CAFC interprets two provisions of the BPCIARobert M. Joynes
August 3, 2015
Amgen Inc. v. Sandoz Inc., Fed. Cir. Case No. 2015-1499, decided July 21, 2015.
On July 21, 2015 in a fractured opinion, the Federal Circuit ruled on two provisions of the Biologics Price Competition and Innovation Act (“BPCIA”). This is the first appellate decision addressing provisions of the BPCIA.
Sandoz had filed an abbreviated biologic license application with the FDA regarding their Zarxio product, which is a biosimilar version of Amgen’s Neupogen product. The appeal stems from the district court’s holdings regarding the two provisions of the BPCIA.
First, Judges Lourie and Chen affirmed the district court and held that the patent exchange provisions of the BPCIA were not mandatory.

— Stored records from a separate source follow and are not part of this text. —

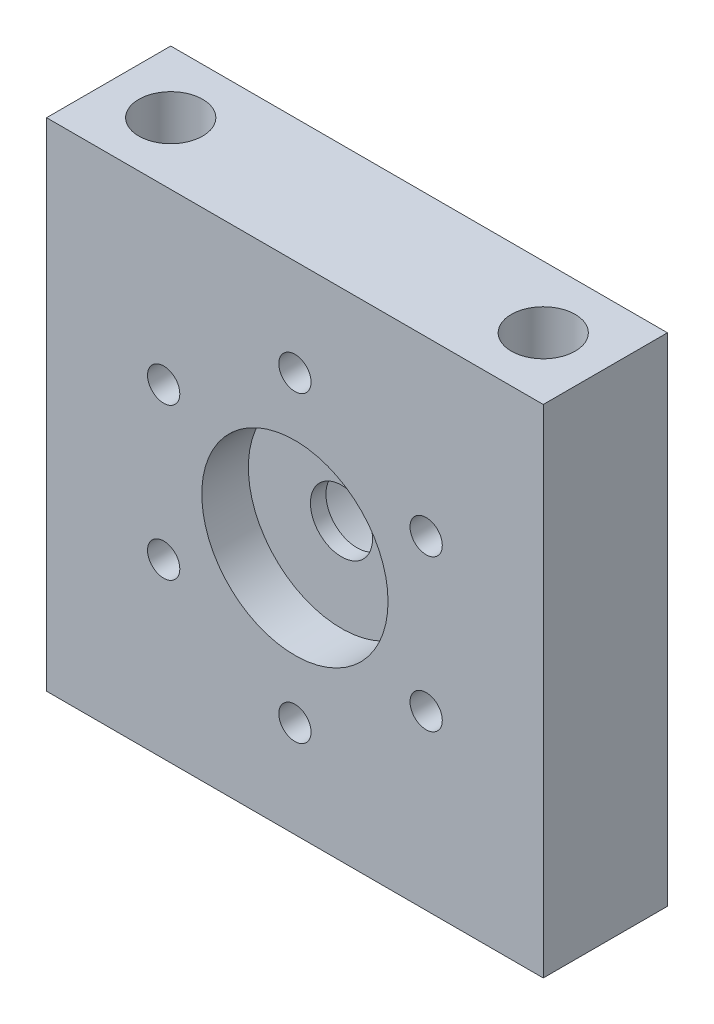
from build123d import *

# Parameters (mm, degrees)
SKETCH1_W           = 50.8
SKETCH1_H           = 12.7
BOSS_EXTRUDE1_DEPTH = 50.8
SKETCH2_R           = 3.175
CUT_EXTRUDE1_DEPTH  = 13.7
SKETCH3_R           = 9.525
CUT_EXTRUDE2_DEPTH  = 4.7625
SKETCH4_R           = 3.2639
CUT_EXTRUDE3_DEPTH  = 12.7
SKETCH5_R           = 1.65
CUT_EXTRUDE4_DEPTH  = 13.7
SKETCH6_R           = 7.62
CUT_EXTRUDE5_DEPTH  = 6.35


with BuildPart() as part:
    # Sketch1 → Boss-Extrude1 (new body)
    with BuildSketch(Plane(origin=(0, 0, 0), x_dir=(1, 0, 0), z_dir=(0, 1, 0))):
        with Locations((25.4, 6.35)):
            Rectangle(SKETCH1_W, SKETCH1_H)
    extrude(amount=BOSS_EXTRUDE1_DEPTH)

    # Sketch2 → Cut-Extrude1 (cut, through all)
    with BuildSketch(Plane.XY):
        with Locations((25.4, 25.4)):
            Circle(SKETCH2_R)
    extrude(amount=-CUT_EXTRUDE1_DEPTH, mode=Mode.SUBTRACT)

    # Sketch3 → Cut-Extrude2 (cut)
    with BuildSketch(Plane.XY):
        with Locations((25.4, 25.4)):
            Circle(SKETCH3_R)
    extrude(amount=-CUT_EXTRUDE2_DEPTH, mode=Mode.SUBTRACT)

    # Sketch4 → Cut-Extrude3 (cut)
    with BuildSketch(Plane(origin=(0, 50.8, 0), x_dir=(1, 0, 0), z_dir=(0, 1, 0))):
        with Locations((6.35, 6.35)):
            Circle(SKETCH4_R)
        with Locations((44.45, 6.35)):
            Circle(SKETCH4_R)
    cut_extrude3 = extrude(amount=-CUT_EXTRUDE3_DEPTH, mode=Mode.SUBTRACT)

    # Mirror1: Cut-Extrude3 across plane
    add(cut_extrude3.mirror(Plane.ZX.offset(25.4)), mode=Mode.SUBTRACT)

    # Sketch5 → Cut-Extrude4 (cut, through all)
    with BuildSketch(Plane.XY):
        with Locations((25.4, 40.9)):
            Circle(SKETCH5_R)
        with Locations((38.823393759, 33.15)):
            Circle(SKETCH5_R)
        with Locations((38.823393759, 17.65)):
            Circle(SKETCH5_R)
        with Locations((25.4, 9.9)):
            Circle(SKETCH5_R)
        with Locations((11.976606241, 17.65)):
            Circle(SKETCH5_R)
        with Locations((11.976606241, 33.15)):
            Circle(SKETCH5_R)
    extrude(amount=-CUT_EXTRUDE4_DEPTH, mode=Mode.SUBTRACT)

    # Sketch6 → Cut-Extrude5 (cut)
    with BuildSketch(Plane(origin=(0, 0, -12.7), x_dir=(-1, 0, 0), z_dir=(0, 0, -1))):
        with Locations((-25.4, 25.4)):
            Circle(SKETCH6_R)
    extrude(amount=-CUT_EXTRUDE5_DEPTH, mode=Mode.SUBTRACT)


solid = part.part

Rather, the Federal Circuit held that either party could opt out of the disclosures provisions and then be subjected to the remedies provided under 42 U.S.C. § 262(l)(9)(C) and 35 U.S.C. § 271(e) for failing to meet the disclosure requirement.
Second, Judges Lourie and Newman reversed the district court and held that the notice of commercial marketing provisions of the BPCIA, paragraph (l)(8)(A), require that the 180-day pre-launch notice be given upon FDA’s approval of the biosimilar product for licensure rather than upon acceptance of the biosimilar application. That is, the biosimilar applicant may not provide the 180-day marketing notice until the FDA approves their biosimilar application.
While this may be the first appellate decision regarding the BPCIA, there certainly will be more decision to follow. We will continue to follow these proceeding as well as other biosimilar product cases and provide updates to this complicated law.